We're in exactly the same situation. just over 26 acres and trying to figure out our cross fencing. We have two Pyrs, and would love to be able to let them have access to everything.
I honestly think short of building basically a "Moat" that the dogs can run on the perimeter, that none of the other animals can access, which of course limits the dogs access to the animals. it's not possible.
I'd love it if someone can tell me it is. I'll be watching this thread for the answer!


----------



## Bret4207 (May 31, 2008)

Yeah, I was thinking the "moat" idea too- a 2nd inner perimeter fence. That's aboutt he only solution that comes to mind.


----------



## RJMAcres (Sep 9, 2009)

Try asking the question in this group. I know it's been discussed there before
but can't remember the details.

http://finance.groups.yahoo.com/group/workingLGDs/


----------



## redgate (Sep 18, 2008)

I am in a similiar situation, but think I found an idea I am planning to incorporate in the new year. You can do a google search for LGD feeders, and many people use the design for keeping goats out of free-choice dog food. It is based on the idea that, when stepping over something, a goat lifts its leg straight upward ONLY. A dog, on the other hand, has the ability to bring its leg upward AND inward to the center. So, you can take a piece of plywood (or whatever), cut a V-shape into it, just big enough for the dog to go through. Adult goats should not be able to get through because they would have to bring their legs into the center of the V more than they are capable of doing. So my idea is to make several of these around the different paddocks, and simply make them part of the fence line. The dogs will learn where to go to get into them. The only dilemma I am anticipating is that it may not pen in the kids. Unless they are particularly tiny, though, in my experience watching what they can and can't get through, most should be too big after about 4 months, in which case, most aren't wandering too far from the does at that point anyway. 

I hope that makes sense.


----------



## Buddylee (Aug 26, 2013)

I thought about a "tunnel" thru the fence. A dark flap on both ends. What y'all think about this idea ?


----------



## motdaugrnds (Jul 3, 2002)

Redgate, I think that just might work! Also the young kids small enough to go thru would more than likely not go thru because they would prefer to be with their dam.


----------



## redgate (Sep 18, 2008)

Buddylee, I don't think it would work for long with goats, anyway. Our goats will push through anything. I tried lots of quick fixes that last couple years, and they are just too smart for their own good! They watch other animals (ie dogs) do it, and follow suit. The V-shape however, is something they are not physically capable of. I have played around with that, and sure enough--even my houdini can't get her legs through a V. So, as long as the opening isn't too high (lest they jump through), or the V too shallow, it seems to work.


----------



## stanley (Aug 22, 2011)

redgate that sounds simple and should work I will give it a try


----------



## aart (Oct 20, 2012)

redgate said:


> Buddylee, I don't think it would work for long with goats, anyway. Our goats will push through anything. I tried lots of quick fixes that last couple years, and they are just too smart for their own good! They watch other animals (ie dogs) do it, and follow suit. The V-shape however, is something they are not physically capable of. I have played around with that, and sure enough--even my houdini can't get her legs through a V. So, as long as the opening isn't too high (lest they jump through), or the V too shallow, it seems to work.

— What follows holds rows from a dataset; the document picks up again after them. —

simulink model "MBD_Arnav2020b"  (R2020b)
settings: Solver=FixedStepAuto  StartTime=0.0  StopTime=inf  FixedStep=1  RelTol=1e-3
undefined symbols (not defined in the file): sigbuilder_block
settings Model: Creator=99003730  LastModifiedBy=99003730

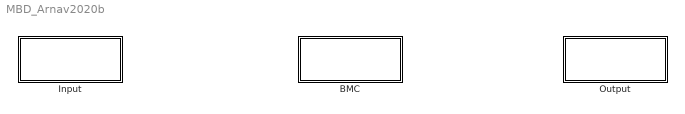
== system MBD_Arnav2020b ==
  BMC : Subsystem
  Input : Subsystem
  Output : Subsystem

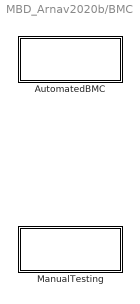
== system MBD_Arnav2020b/BMC ==
  AutomatedBMC : Subsystem
  ManualTesting : Subsystem

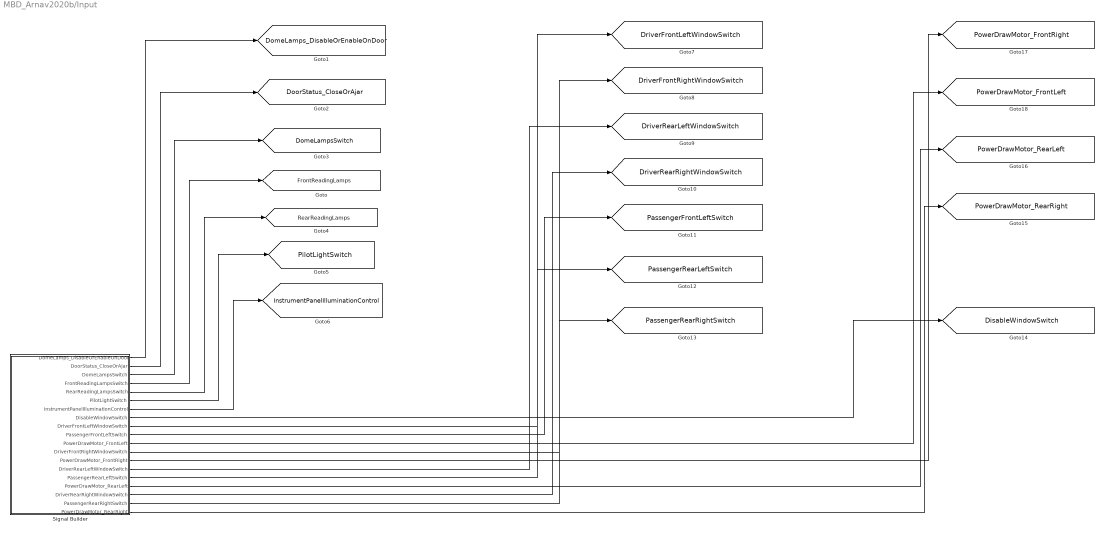
== system MBD_Arnav2020b/Input ==
  Signal Builder : Subsystem  Tag=STV Subsys  LoadFcn=sigbuilder_block('load');  StartFcn=sigbuilder_block('start');  StopFcn=sigbuilder_block('stop');  ClipboardFcn=sigbuilder_block('clipboard');  mask(Sigbuilder block){tuvar=[0:10]}
      mask help: Simulink:masks:SigbuilderBlock_MD
      mask init:
      | if ~strcmp(get_param(bdroot(gcbh),'SimulationStatus'),'stopped') tuvar = sigbuilder_block('maskInit'); end
      settings: CopyFcn=sigbuilder_block('copy');  DeleteFcn=sigbuilder_block('delete');  ModelCloseFcn=sigbuilder_block('modelClose');  PreSaveFcn=sigbuilder_block('preSave');  PauseFcn=sigbuilder_block('pause');  ContinueFcn=sigbuilder_block('continue');  NameChangeFcn=sigbuilder_block('namechange');  OpenFcn=sigbuilder_block('open',[6 80.25 1188 465.75 ]);  CloseFcn=sigbuilder_block('close');
      mask Display: plot(0, 0, 100, 100,[2, 2, 32, 32, 2], [68, 8, 8, 68, 68],[32, 2], [38, 38], [32, 19, 2],[53, 60, 44], [32, 17, 17, 2],[16, 16, 31, 31]);txt = getActiveGroup(gcbh);text(2, 100, txt,'verticalAlignment', 'top');
  tag scope: DisableWindowSwitch=global, DomeLampsSwitch=global, DomeLamps_DisableOrEnableOnDoor=global, DoorStatus_CloseOrAjar=global, DriverFrontLeftWindowSwitch=global, DriverFrontRightWindowSwitch=global, DriverRearLeftWindowSwitch=global, DriverRearRightWindowSwitch=global, FrontReadingLamps=global, InstrumentPanelIlluminationControl=global, PassengerFrontLeftSwitch=global, PassengerRearLeftSwitch=global, PassengerRearRightSwitch=global, PilotLightSwitch=global, PowerDrawMotor_FrontLeft=global, PowerDrawMotor_FrontRight=global, PowerDrawMotor_RearLeft=global, PowerDrawMotor_RearRight=global, RearReadingLamps=global
  wires:
  Signal Builder/9(DriverFrontLeftWindowSwitch) -> [DriverFrontLeftWindowSwitch]
  Signal Builder/12(DriverFrontRightWindowSwitch) -> [DriverFrontRightWindowSwitch]
  Signal Builder/14(DriverRearLeftWindowSwitch) -> [DriverRearLeftWindowSwitch]
  Signal Builder/17(DriverRearRightWindowSwitch) -> [DriverRearRightWindowSwitch]
  Signal Builder/10(PassengerFrontLeftSwitch) -> [PassengerFrontLeftSwitch]
  Signal Builder/15(PassengerRearLeftSwitch) -> [PassengerRearLeftSwitch]
  Signal Builder/18(PassengerRearRightSwitch) -> [PassengerRearRightSwitch]
  Signal Builder/13(PowerDrawMotor_FrontRight) -> [PowerDrawMotor_FrontRight]
  Signal Builder/11(PowerDrawMotor_FrontLeft) -> [PowerDrawMotor_FrontLeft]
  Signal Builder/16(PowerDrawMotor_RearLeft) -> [PowerDrawMotor_RearLeft]
  Signal Builder/19(PowerDrawMotor_RearRight) -> [PowerDrawMotor_RearRight]
  Signal Builder/8(DisableWindowSwitch) -> [DisableWindowSwitch]
  Signal Builder/1(DomeLamps_DisableOrEnableOnDoor) -> [DomeLamps_DisableOrEnableOnDoor]
  Signal Builder/2(DoorStatus_CloseOrAjar) -> [DoorStatus_CloseOrAjar]
  Signal Builder/3(DomeLampsSwitch) -> [DomeLampsSwitch]
  Signal Builder/4(FrontReadingLampsSwitch) -> [FrontReadingLamps]
  Signal Builder/5(RearReadingLampsSwitch) -> [RearReadingLamps]
  Signal Builder/6(PilotLightSwitch) -> [PilotLightSwitch]
  Signal Builder/7(InstrumentPanelIlluminationControl) -> [InstrumentPanelIlluminationControl]

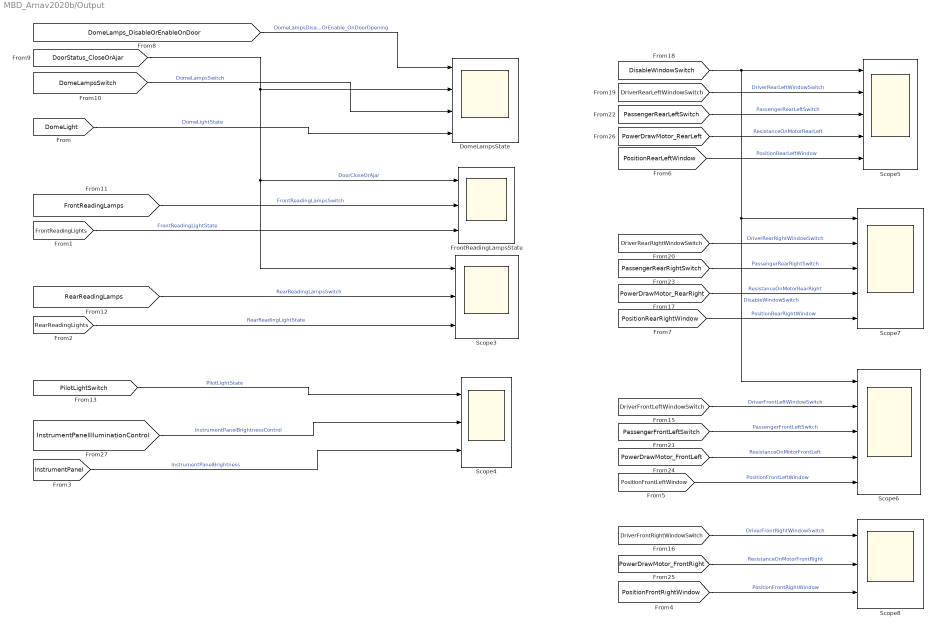
== system MBD_Arnav2020b/Output ==
  DomeLampsState : Scope  NumInputPorts=4
  FrontReadingLampsState : Scope  NumInputPorts=3
  Scope3 : Scope  NumInputPorts=3
  Scope4 : Scope  NumInputPorts=3
  Scope5 : Scope  NumInputPorts=5
  Scope6 : Scope  NumInputPorts=5
  Scope7 : Scope  NumInputPorts=5
  Scope8 : Scope  NumInputPorts=3
  wires:
  [RearReadingLights] -> Scope3/3  "RearReadingLightState"
  [FrontReadingLights] -> FrontReadingLampsState/3  "FrontReadingLightState"
  [DomeLight] -> DomeLampsState/4  "DomeLightState"
  [InstrumentPanel] -> Scope4/3  "InstrumentPanelBrightness"
  [PositionRearLeftWindow] -> Scope5/5  "PositionRearLeftWindow"
  [DomeLamps_DisableOrEnableOnDoor] -> DomeLampsState/1  "DomeLampsDisableOrEnable_OnDoorOpening"
  [DoorStatus_CloseOrAjar] -> Scope3/1, FrontReadingLampsState/1, DomeLampsState/2  "DoorCloseOrAjar"
  [DomeLampsSwitch] -> DomeLampsState/3  "DomeLampsSwitch"
  [FrontReadingLamps] -> FrontReadingLampsState/2  "FrontReadingLampsSwitch"
  [RearReadingLamps] -> Scope3/2  "RearReadingLampsSwitch"
  [PilotLightSwitch] -> Scope4/1  "PilotLightState"
  [InstrumentPanelIlluminationControl] -> Scope4/2  "InstrumentPanelBrightnessControl"
  [DisableWindowSwitch] -> Scope6/1, Scope7/1, Scope5/1  "DisableWindowSwitch"
  [DriverRearLeftWindowSwitch] -> Scope5/2  "DriverRearLeftWindowSwitch"
  [PassengerRearLeftSwitch] -> Scope5/3  "PassengerRearLeftSwitch"
  [PowerDrawMotor_RearLeft] -> Scope5/4  "ResistanceOnMotorRearLeft"
  [DriverRearRightWindowSwitch] -> Scope7/2  "DriverRearRightWindowSwitch"
  [PassengerRearRightSwitch] -> Scope7/3  "PassengerRearRightSwitch"
  [PowerDrawMotor_RearRight] -> Scope7/4  "ResistanceOnMotorRearRight"
  [PositionRearRightWindow] -> Scope7/5  "PositionRearRightWindow"
  [DriverFrontLeftWindowSwitch] -> Scope6/2  "DriverFrontLeftWindowSwitch"
  [PassengerFrontLeftSwitch] -> Scope6/3  "PassengerFrontLeftSwitch"
  [PowerDrawMotor_FrontLeft] -> Scope6/4  "ResistanceOnMotorFrontLeft"
  [PositionFrontLeftWindow] -> Scope6/5  "PositionFrontLeftWindow"
  [DriverFrontRightWindowSwitch] -> Scope8/1  "DriverFrontRightWindowSwitch"
  [PowerDrawMotor_FrontRight] -> Scope8/2  "ResistanceOnMotorFrontRight"
  [PositionFrontRightWindow] -> Scope8/3  "PositionFrontRightWindow"

== system MBD_Arnav2020b/BMC/AutomatedBMC ==
  "Arnav's Subsytem (Interior Lighting and power windows) " : Subsystem

== system MBD_Arnav2020b/BMC/ManualTesting ==
  Manual Testing Arnav : Subsystem

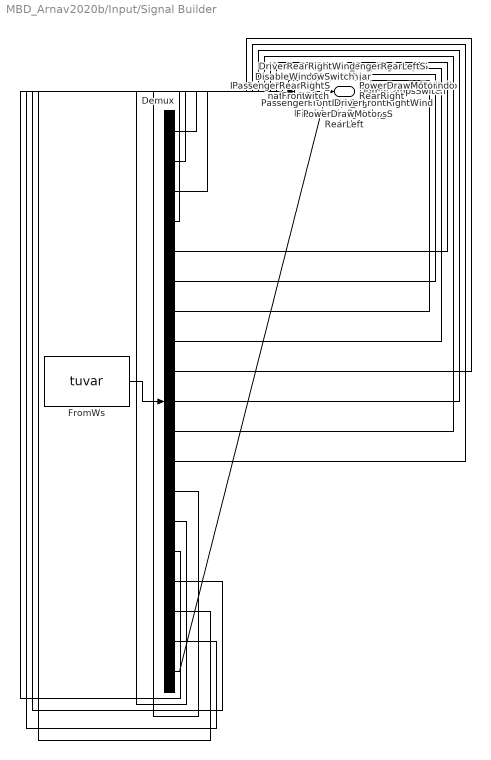
== system MBD_Arnav2020b/Input/Signal Builder ==
  Demux : Demux  Tag=STV Demux  Outputs=19
      settings: DisplayOption=none
  FromWs : FromWorkspace  Tag=STV FromWs  VariableName=tuvar  SampleTime=1
      SigBuilderData=|
      | common.afterFinalStr = 'Extrapolate'
      | common.sampleTime = '1'
      | dataSet.timeRange = [0 25]
      | dataSet.name = 'Sheet1'
      | sbobj.Name = 'Signal Builder'
      | sbobj.Groups.Name = 'Sheet1'
      | sbobj.Groups.Signals(1).Name = 'DomeLamps_DisableOrEnableOnDoor'
      | sbobj.Groups.Signals(1).XData = [0 1 2 3 4 5 6 7 8 9 10 11 12 13 14 15 16 17 18 19 20 21 22 23 24 25]
      | sbobj.Groups.Signals(1).YData = [0 0 0 0 1 1 1 1 0 0 0 0 1 1 1 1 0 0 0 0 1 1 1 1 1 0]
      | sbobj.Groups.Signals(2).Name = 'DoorStatus_CloseOrAjar'
      | sbobj.Groups.Signals(2).XData = [0 1 2 3 4 5 6 7 8 9 10 11 12 13 14 15 16 17 18 19 20 21 22 23 24 25]
      | sbobj.Groups.Signals(2).YData = [0 0 1 1 0 0 0 1 0 0 1 1 0 0 1 1 0 0 1 1 0 0 1 1 1 0]
      | sbobj.Groups.Signals(3).Name = 'DomeLampsSwitch'
      | sbobj.Groups.Signals(3).XData = [0 1 2 3 4 5 6 7 8 9 10 11 12 13 14 15 16 17 18 19 20 21 22 23 24 25]
      | sbobj.Groups.Signals(3).YData = [0 1 0 1 0 0 0 1 0 0 0 1 0 1 0 1 0 1 0 1 0 1 0 1 1 0]
      | sbobj.Groups.Signals(4).Name = 'FrontReadingLampsSwitch'
      | sbobj.Groups.Signals(4).XData = [0 1 2 3 4 5 6 7 8 9 10 11 12 13 14 15 16 17 18 19 20 21 22 23 24 25]
      | sbobj.Groups.Signals(4).YData = [0 1 0 1 0 1 0 1 0 1 0 1 0 1 0 1 0 1 0 1 0 1 0 1 0 1]
      | sbobj.Groups.Signals(5).Name = 'RearReadingLampsSwitch'
      | sbobj.Groups.Signals(5).XData = [0 1 2 3 4 5 6 7 8 9 10 11 12 13 14 15 16 17 18 19 20 21 22 23 24 25]
      | sbobj.Groups.Signals(5).YData = [0 1 0 1 0 1 0 1 0 1 0 1 0 1 0 1 0 1 0 1 0 1 0 1 0 1]
      | sbobj.Groups.Signals(6).Name = 'PilotLightSwitch'
      | sbobj.Groups.Signals(6).XData = [0 1 2 3 4 5 6 7 8 9 10 11 12 13 14 15 16 17 18 19 20 21 22 23 24 25]
      | sbobj.Groups.Signals(6).YData = [0 0 0 0 0 0 0 0 0 0 1 1 1 1 1 1 1 1 1 1 0 0 0 0 0 0]
      | sbobj.Groups.Signals(7).Name = 'InstrumentPanelIlluminationControl'
      | sbobj.Groups.Signals(7).XData = [0 1 2 3 4 5 6 7 8 9 10 11 12 13 14 15 16 17 18 19 20 21 22 23 24 25]
      | sbobj.Groups.Signals(7).YData = [1 2 3 4 5 6 7 8 9 10 1 2 3 4 5 6 7 8 9 10 1 2 3 4 5 6]
      | sbobj.Groups.Signals(8).Name = 'DisableWindowSwitch'
      | sbobj.Groups.Signals(8).XData = [0 1 2 3 4 5 6 7 8 9 10 11 12 13 14 15 16 17 18 19 20 21 22 23 24 25]
      | sbobj.Groups.Signals(8).YData = [0 0 0 0 0 0 0 0 0 0 0 0 0 0 0 0 0 1 1 0 1 1 1 0 0 0]
      | sbobj.Groups.Signals(9).Name = 'DriverFrontLeftWindowSwitch'
      | sbobj.Groups.Signals(9).XData = [0 1 2 3 4 5 6 7 8 9 10 11 12 13 14 15 16 17 18 19 20 21 22 23 24 25]
      | sbobj.Groups.Signals(9).YData = [1 1 1 0 0 0 0 0 -1 -1 -1 0 0 2 0 0 0 0 -2 0 0 0 0 0 1 0]
      | sbobj.Groups.Signals(10).Name = 'PassengerFrontLeftSwitch'
      | sbobj.Groups.Signals(10).XData = [0 1 2 3 4 5 6 7 8 9 10 11 12 13 14 15 16 17 18 19 20 21 22 23 24 25]
      | sbobj.Groups.Signals(10).YData = [0 -1 -1 1 1 1 -1 -1 0 0 0 0 0 0 0 -2 1 2 0 2 1 1 0 2 0 0]
      | sbobj.Groups.Signals(11).Name = 'PowerDrawMotor_FrontLeft'
      | sbobj.Groups.Signals(11).XData = [0 1 2 3 4 5 6 7 8 9 10 11 12 13 14 15 16 17 18 19 20 21 22 23 24 25]
      | sbobj.Groups.Signals(11).YData = [2 2 2 2 2 2 2 2 2 2 2 2 2 2 2 2 2 2 2 2 2 4 1 1 1 1]
      | sbobj.Groups.Signals(12).Name = 'DriverFrontRightWindowSwitch'
      | sbobj.Groups.Signals(12).XData = [0 1 2 3 4 5 6 7 8 9 10 11 12 13 14 15 16 17 18 19 20 21 22 23 24 25]
      | sbobj.Groups.Signals(12).YData = [1 1 1 1 1 0 0 0 -1 -1 -1 0 0 2 0 0 0 0 -2 0 0 0 0 1 2 0]
      | sbobj.Groups.Signals(13).Name = 'PowerDrawMotor_FrontRight'
      | sbobj.Groups.Signals(13).XData = [0 1 2 3 4 5 6 7 8 9 10 11 12 13 14 15 16 17 18 19 20 21 22 23 24 25]
      | sbobj.Groups.Signals(13).YData = [2 2 2 2 2 2 2 2 2 2 2 2 2 2 2 2 2 2 2 2 2 4 1 1 1 1]
      | sbobj.Groups.Signals(14).Name = 'DriverRearLeftWindowSwitch'
      | sbobj.Groups.Signals(14).XData = [0 1 2 3 4 5 6 7 8 9 10 11 12 13 14 15 16 17 18 19 20 21 22 23 24 25]
      | sbobj.Groups.Signals(14).YData = [1 1 1 0 0 0 0 0 -1 -1 -1 0 0 2 0 0 0 0 -2 0 0 0 0 0 0 0]
      | sbobj.Groups.Signals(15).Name = 'PassengerRearLeftSwitch'
      | sbobj.Groups.Signals(15).XData = [0 1 2 3 4 5 6 7 8 9 10 11 12 13 14 15 16 17 18 19 20 21 22 23 24 25]
      | sbobj.Groups.Signals(15).YData = [0 -1 -1 1 1 1 -1 -1 0 0 0 0 0 0 0 -2 1 2 0 2 1 1 0 2 0 0]
      | sbobj.Groups.Signals(16).Name = 'PowerDrawMotor_RearLeft'
      | sbobj.Groups.Signals(16).XData = [0 1 2 3 4 5 6 7 8 9 10 11 12 13 14 15 16 17 18 19 20 21 22 23 24 25]
      | sbobj.Groups.Signals(16).YData = [2 2 2 2 2 2 2 2 2 2 2 2 2 2 2 2 2 2 2 2 2 4 1 1 1 1]
      | sbobj.Groups.Signals(17).Name = 'DriverRearRightWindowSwitch'
      | sbobj.Groups.Signals(17).XData = [0 1 2 3 4 5 6 7 8 9 10 11 12 13 14 15 16 17 18 19 20 21 22 23 24 25]
      | sbobj.Groups.Signals(17).YData = [1 1 1 0 0 0 0 0 -1 -1 -1 0 0 2 0 0 0 0 -2 0 0 0 0 0 0 0]
      | sbobj.Groups.Signals(18).Name = 'PassengerRearRightSwitch'
      | sbobj.Groups.Signals(18).XData = [0 1 2 3 4 5 6 7 8 9 10 11 12 13 14 15 16 17 18 19 20 21 22 23 24 25]
      | sbobj.Groups.Signals(18).YData = [0 -1 -1 1 1 1 -1 -1 0 0 0 0 0 0 0 -2 1 2 0 2 1 1 0 2 0 0]
      | sbobj.Groups.Signals(19).Name = 'PowerDrawMotor_RearRight'
      | sbobj.Groups.Signals(19).XData = [0 1 2 3 4 5 6 7 8 9 10 11 12 13 14 15 16 17 18 19 20 21 22 23 24 25]
      | sbobj.Groups.Signals(19).YData = [2 2 2 4 2 2 2 2 2 2 2 2 2 2 2 2 2 2 4 2 2 4 1 1 1 1]
      | sbobj.Groups.TimeRange = [0 25]
  DomeLamps_DisableOrEnableOnDoor : Outport  Tag=STV Outport
  DoorStatus_CloseOrAjar : Outport  Tag=STV Outport  Port=2
  DomeLampsSwitch : Outport  Tag=STV Outport  Port=3
  FrontReadingLampsSwitch : Outport  Tag=STV Outport  Port=4
  RearReadingLampsSwitch : Outport  Tag=STV Outport  Port=5
  PilotLightSwitch : Outport  Tag=STV Outport  Port=6
  InstrumentPanelIlluminationControl : Outport  Tag=STV Outport  Port=7
  DisableWindowSwitch : Outport  Tag=STV Outport  Port=8
  DriverFrontLeftWindowSwitch : Outport  Tag=STV Outport  Port=9
  PassengerFrontLeftSwitch : Outport  Tag=STV Outport  Port=10
  PowerDrawMotor_FrontLeft : Outport  Tag=STV Outport  Port=11
  DriverFrontRightWindowSwitch : Outport  Tag=STV Outport  Port=12
  PowerDrawMotor_FrontRight : Outport  Tag=STV Outport  Port=13
  DriverRearLeftWindowSwitch : Outport  Tag=STV Outport  Port=14
  PassengerRearLeftSwitch : Outport  Tag=STV Outport  Port=15
  PowerDrawMotor_RearLeft : Outport  Tag=STV Outport  Port=16
  DriverRearRightWindowSwitch : Outport  Tag=STV Outport  Port=17
  PassengerRearRightSwitch : Outport  Tag=STV Outport  Port=18
  PowerDrawMotor_RearRight : Outport  Tag=STV Outport  Port=19
  wires:
  FromWs/1 -> Demux/1
  Demux/1 -> DomeLamps_DisableOrEnableOnDoor/1
  Demux/2 -> DoorStatus_CloseOrAjar/1
  Demux/3 -> DomeLampsSwitch/1
  Demux/4 -> FrontReadingLampsSwitch/1
  Demux/5 -> RearReadingLampsSwitch/1
  Demux/6 -> PilotLightSwitch/1
  Demux/7 -> InstrumentPanelIlluminationControl/1
  Demux/8 -> DisableWindowSwitch/1
  Demux/9 -> DriverFrontLeftWindowSwitch/1
  Demux/10 -> PassengerFrontLeftSwitch/1
  Demux/11 -> PowerDrawMotor_FrontLeft/1
  Demux/12 -> DriverFrontRightWindowSwitch/1
  Demux/13 -> PowerDrawMotor_FrontRight/1
  Demux/14 -> DriverRearLeftWindowSwitch/1
  Demux/15 -> PassengerRearLeftSwitch/1
  Demux/16 -> PowerDrawMotor_RearLeft/1
  Demux/17 -> DriverRearRightWindowSwitch/1
  Demux/18 -> PassengerRearRightSwitch/1
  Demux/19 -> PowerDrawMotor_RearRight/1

Interesting. I wonder if that would work for on a pop door for folks who have problems keeping goats out of the chicken coop?


----------



## redgate (Sep 18, 2008)

Actually, it does. We made something similar on our previous coop, and the goats could not get in. They tried hard the first day, and then tried periodically, but as long as the space was just big enough for the chickens (and we have giant breeds), and had a low center, the goats could not get their legs in! It was great!!


----------



## colemangirly (Sep 30, 2010)

Can you post a picture of this and some rough dimensions?


----------



## redgate (Sep 18, 2008)

I just did a quick google search and found this: 

http://www.bountifulfarm.com/DOG SELF FEEDER.html

Scroll all the way to the bottom photo, and dimensions are listed above it. Personally, though, I would make it an actual V, with a point at the bottom rather than a flat bottom. I would also make the entire contraption out of one piece of thick plywood or such. Finally, I would make the entire opening a little smaller--just big enough for either chickens or dogs to get into. Hope that helps!


----------



## aart (Oct 20, 2012)

redgate said:


> Actually, it does. We made something similar on our previous coop, and the goats could not get in. They tried hard the first day, and then tried periodically, but as long as the space was just big enough for the chickens (and we have giant breeds), and had a low center, the goats could not get their legs in! It was great!!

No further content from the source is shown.